Sonrió débilmente y aprovechó la ocasión para hacer un viejo chiste:
- Y ¿quién dice que no me haya quedado con el Buick original?
- No creo que debamos tomar ninguna decisión en este momento - dijo Charlotte cáusticamente -. Creo que todavía nos queda un margen de tiempo.
Cogió la caja de acero del asiento, y se acercó a los escalones del edificio de departamentos.
- Suba con nosotros, Ben - e indicó con un movimiento de cabeza a Dawes -. Usted también. Podemos tomar un poco de whisky. No tiene muy mal gusto, parece liquido anticongelante... La etiqueta no es muy legible pero aparte de eso, no está abudinado.
Un obrero la detuvo cuando posó el pie en el primer escalón.
- Perdone señorita, no puede subir.
Charlotte, disgustada, se apartó un poco, el rostro pálido de incredulidad.
- Vivo arriba, en uno de los departamentos; tengo todas mis cosas allá, es mi casa.
- El edificio peligra - afirmó el obrero.
En realidad, no se trataba de un simple trabajador sino de uno de los ciudadanos de la colonia que se había presentado como voluntario para cuidar el edificio, que ya se estaba derrumbando.
- Mire esas rajaduras, señorita.
- Hace mucho que están - respondió Charlotte.

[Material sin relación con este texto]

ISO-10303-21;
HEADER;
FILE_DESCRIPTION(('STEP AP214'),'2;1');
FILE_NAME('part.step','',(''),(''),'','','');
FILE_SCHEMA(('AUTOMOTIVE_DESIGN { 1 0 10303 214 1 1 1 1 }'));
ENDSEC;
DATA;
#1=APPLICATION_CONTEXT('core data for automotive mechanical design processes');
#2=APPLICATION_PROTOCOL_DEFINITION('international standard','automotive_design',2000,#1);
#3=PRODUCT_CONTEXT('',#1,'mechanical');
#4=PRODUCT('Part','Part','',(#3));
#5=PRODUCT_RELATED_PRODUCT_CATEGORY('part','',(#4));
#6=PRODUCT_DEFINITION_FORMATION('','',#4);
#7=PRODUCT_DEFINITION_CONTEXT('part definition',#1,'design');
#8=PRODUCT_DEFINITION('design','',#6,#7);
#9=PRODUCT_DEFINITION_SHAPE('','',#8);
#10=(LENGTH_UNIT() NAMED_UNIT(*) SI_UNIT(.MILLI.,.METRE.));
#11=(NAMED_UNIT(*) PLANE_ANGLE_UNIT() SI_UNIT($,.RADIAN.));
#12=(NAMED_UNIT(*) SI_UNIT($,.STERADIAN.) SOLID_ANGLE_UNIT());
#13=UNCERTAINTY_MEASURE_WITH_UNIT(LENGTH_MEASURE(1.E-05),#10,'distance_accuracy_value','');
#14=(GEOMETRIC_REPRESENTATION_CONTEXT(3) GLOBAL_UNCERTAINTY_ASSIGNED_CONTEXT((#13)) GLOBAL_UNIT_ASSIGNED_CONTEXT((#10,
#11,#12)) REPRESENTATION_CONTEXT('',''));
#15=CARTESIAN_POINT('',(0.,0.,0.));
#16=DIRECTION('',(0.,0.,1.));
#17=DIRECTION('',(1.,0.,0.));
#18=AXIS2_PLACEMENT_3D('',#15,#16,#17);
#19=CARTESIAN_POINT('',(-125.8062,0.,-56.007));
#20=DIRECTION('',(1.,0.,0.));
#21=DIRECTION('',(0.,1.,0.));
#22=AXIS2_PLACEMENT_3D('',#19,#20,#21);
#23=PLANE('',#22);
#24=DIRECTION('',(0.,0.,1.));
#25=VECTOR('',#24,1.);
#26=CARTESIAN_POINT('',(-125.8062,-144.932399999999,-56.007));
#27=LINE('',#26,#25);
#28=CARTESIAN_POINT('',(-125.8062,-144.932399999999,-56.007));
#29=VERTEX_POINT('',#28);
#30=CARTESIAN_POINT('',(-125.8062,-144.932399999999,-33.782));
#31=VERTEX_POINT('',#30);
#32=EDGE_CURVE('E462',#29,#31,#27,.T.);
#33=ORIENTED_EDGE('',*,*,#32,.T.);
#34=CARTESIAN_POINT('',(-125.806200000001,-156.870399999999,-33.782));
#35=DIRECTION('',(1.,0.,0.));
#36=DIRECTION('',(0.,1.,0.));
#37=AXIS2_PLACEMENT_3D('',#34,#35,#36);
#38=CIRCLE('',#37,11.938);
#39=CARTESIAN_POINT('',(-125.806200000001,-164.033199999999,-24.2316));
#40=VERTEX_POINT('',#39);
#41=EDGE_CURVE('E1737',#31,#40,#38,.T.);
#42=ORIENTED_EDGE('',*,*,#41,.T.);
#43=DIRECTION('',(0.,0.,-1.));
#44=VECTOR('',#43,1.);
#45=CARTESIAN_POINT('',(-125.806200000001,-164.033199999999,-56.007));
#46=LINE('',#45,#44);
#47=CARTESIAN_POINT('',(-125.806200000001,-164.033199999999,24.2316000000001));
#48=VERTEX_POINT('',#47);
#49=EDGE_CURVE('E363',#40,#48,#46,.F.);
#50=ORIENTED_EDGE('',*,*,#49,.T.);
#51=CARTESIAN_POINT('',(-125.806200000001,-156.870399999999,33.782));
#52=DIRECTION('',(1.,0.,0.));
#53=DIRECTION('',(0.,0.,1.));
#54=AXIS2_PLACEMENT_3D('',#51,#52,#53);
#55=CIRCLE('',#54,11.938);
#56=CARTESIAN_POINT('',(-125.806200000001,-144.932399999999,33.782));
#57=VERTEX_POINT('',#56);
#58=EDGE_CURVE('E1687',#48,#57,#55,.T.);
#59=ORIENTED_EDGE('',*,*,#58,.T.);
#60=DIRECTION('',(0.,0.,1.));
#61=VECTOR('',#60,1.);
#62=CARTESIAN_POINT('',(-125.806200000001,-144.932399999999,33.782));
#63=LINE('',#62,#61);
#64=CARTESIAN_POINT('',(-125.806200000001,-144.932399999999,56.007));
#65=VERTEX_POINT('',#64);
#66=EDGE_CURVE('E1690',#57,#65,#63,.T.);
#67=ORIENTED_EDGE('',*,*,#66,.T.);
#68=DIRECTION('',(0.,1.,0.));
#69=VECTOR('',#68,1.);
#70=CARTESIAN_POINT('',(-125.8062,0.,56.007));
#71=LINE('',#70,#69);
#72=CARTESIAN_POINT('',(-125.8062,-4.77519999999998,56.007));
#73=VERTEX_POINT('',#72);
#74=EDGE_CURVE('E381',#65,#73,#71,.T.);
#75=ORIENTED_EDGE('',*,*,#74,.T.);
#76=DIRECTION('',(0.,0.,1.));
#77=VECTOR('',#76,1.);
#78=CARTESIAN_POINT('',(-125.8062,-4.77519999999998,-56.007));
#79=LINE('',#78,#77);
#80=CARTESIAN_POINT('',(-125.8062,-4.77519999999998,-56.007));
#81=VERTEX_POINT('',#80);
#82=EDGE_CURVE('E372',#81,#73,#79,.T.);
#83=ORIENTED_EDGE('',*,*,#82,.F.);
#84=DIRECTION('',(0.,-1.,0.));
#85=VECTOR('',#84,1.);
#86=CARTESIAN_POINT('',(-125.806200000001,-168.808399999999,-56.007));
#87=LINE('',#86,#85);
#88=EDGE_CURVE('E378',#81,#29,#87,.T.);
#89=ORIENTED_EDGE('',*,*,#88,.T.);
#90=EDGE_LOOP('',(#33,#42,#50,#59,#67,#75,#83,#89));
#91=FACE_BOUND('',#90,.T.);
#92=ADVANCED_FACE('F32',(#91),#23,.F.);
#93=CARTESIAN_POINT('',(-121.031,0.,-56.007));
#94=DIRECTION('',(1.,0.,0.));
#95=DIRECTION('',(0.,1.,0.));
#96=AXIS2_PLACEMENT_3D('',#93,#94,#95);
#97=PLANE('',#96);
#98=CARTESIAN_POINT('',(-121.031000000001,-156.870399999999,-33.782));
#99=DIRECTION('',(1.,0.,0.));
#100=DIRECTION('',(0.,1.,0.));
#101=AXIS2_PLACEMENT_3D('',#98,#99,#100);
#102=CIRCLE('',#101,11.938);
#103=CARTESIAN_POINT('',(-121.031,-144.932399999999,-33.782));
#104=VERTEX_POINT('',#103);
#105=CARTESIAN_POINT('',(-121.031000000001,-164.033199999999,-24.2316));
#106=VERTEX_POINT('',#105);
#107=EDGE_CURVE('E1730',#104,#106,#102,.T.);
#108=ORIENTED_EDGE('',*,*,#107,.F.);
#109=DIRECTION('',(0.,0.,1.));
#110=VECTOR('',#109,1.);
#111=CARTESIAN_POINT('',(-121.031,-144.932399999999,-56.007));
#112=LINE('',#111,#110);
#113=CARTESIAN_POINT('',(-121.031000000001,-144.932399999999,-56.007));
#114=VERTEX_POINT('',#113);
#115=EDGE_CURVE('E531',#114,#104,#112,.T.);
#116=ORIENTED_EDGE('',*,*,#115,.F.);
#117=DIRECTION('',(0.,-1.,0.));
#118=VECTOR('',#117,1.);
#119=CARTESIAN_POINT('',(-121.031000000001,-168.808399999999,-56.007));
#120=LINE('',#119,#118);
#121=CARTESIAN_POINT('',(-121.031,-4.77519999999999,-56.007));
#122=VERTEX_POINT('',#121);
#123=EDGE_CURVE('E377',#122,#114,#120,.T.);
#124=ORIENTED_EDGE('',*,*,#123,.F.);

Estaba perdiendo la paciencia. Con un gesto llamó a Fergesson.
- Vamos - dijo, y subió ágilmente al vestíbulo, dispuesta a abrir la gran puerta de vidrio.
Al mover la puerta, salió de sus goznes y estalló en mil pedazos. Astillas de cristal saltaron por doquier como un manojo de flechas fatales que sale en todas direcciones. Charlotte se hizo hacia atrás dejando escapar un grito, mientras sentía bajo sus pies que el cemento iba cediendo. Todo el gran vestíbulo se desplomó con gran estruendo, transformándose en una gran pirámide de polvo blanco.
Entre Fergesson y el trabajador ayudaron a la muchacha, que quedó tambaleándose, mientras Untermeyer buscaba desesperadamente la caja de acero entre las nubes de polvo. Al fin, sus dedos dieron con la caja, y la arrastró hasta la acera.
Fergesson y el trabajador se abrieron paso entre los escombros del vestíbulo sosteniendo a Charlotte, que hacía gestos histéricos que le deformaban el rostro, en sus desesperados esfuerzos por hablar.
- ¡Todas mis cosas! - logró murmurar, por fin.
- ¿Te has lastimado? ¿Estás bien? - preguntó Fergesson mientras le sacudía el polvo con gestos inseguros.
- No estoy lastimada - dijo Charlotte mientras se limpiaba un hilo de sangre y restos de polvo blanco que le cubrían la cara.
Tenía un tajo en la mejilla, los cabellos desordenados y sucios. Su suéter de lana rosada estaba sucio y desgarrado; toda la ropa se le había estropeado.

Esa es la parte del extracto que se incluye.